Task details:
Go through the data line by line. Copy each one holding the string "Velocities".
[Opening Supplied material section]
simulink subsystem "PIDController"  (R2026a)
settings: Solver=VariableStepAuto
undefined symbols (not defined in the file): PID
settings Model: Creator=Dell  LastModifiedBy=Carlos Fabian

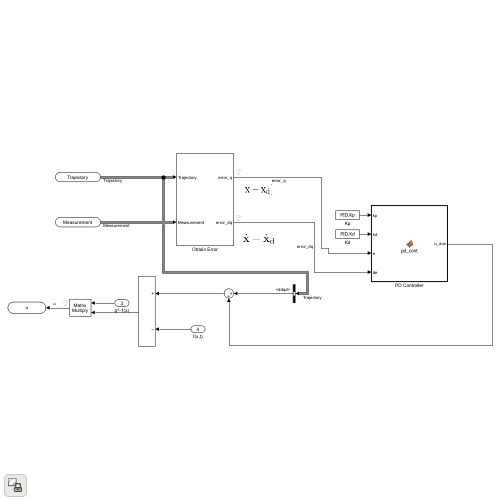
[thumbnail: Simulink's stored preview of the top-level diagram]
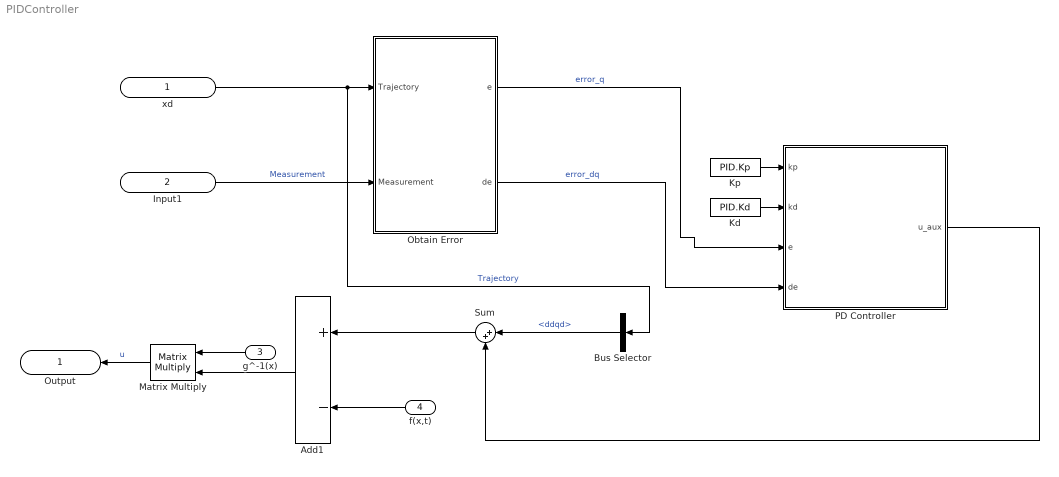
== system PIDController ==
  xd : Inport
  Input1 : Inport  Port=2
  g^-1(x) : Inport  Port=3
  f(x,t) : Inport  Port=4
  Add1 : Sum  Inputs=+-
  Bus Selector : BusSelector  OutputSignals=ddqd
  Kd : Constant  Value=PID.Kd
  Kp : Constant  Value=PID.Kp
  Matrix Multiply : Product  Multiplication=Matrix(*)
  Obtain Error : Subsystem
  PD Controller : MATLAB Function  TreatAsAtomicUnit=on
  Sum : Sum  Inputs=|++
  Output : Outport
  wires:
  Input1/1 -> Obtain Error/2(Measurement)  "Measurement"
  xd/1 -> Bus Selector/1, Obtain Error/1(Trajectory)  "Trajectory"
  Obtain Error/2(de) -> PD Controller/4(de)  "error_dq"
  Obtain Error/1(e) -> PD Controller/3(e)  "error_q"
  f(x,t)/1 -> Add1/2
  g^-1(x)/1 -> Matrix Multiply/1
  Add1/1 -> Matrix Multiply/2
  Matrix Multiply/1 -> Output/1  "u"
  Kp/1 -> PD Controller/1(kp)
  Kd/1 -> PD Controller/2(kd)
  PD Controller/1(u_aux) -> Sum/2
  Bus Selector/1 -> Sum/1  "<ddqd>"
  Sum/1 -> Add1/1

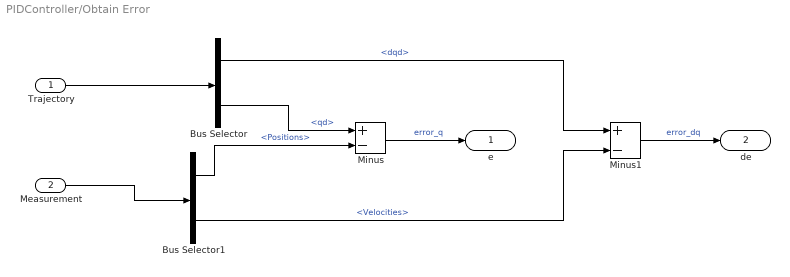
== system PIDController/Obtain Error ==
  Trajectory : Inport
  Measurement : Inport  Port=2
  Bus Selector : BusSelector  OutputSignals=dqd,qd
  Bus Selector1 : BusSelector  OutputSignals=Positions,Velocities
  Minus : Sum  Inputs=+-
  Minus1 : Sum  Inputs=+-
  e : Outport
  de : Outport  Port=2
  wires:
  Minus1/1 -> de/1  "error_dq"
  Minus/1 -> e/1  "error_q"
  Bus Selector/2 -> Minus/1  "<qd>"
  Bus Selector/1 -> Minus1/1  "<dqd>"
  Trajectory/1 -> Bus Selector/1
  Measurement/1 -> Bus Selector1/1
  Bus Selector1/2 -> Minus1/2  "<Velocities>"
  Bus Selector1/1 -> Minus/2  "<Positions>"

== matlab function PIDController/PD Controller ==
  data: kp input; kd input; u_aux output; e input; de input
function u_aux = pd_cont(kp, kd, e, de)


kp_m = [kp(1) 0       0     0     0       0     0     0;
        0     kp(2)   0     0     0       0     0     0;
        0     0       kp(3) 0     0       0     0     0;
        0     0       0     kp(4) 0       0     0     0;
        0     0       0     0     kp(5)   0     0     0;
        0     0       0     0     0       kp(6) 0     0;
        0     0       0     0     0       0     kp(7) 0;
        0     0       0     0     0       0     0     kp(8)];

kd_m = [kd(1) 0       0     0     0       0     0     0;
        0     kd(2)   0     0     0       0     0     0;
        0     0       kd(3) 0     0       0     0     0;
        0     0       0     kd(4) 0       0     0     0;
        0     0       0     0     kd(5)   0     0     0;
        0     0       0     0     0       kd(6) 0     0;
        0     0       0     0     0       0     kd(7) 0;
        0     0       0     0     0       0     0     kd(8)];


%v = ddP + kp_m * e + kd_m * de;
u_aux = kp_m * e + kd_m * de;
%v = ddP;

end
[Closing Supplied material section]
Answer area:
  Bus Selector1 : BusSelector  OutputSignals=Positions,Velocities
  Bus Selector1/2 -> Minus1/2  "<Velocities>"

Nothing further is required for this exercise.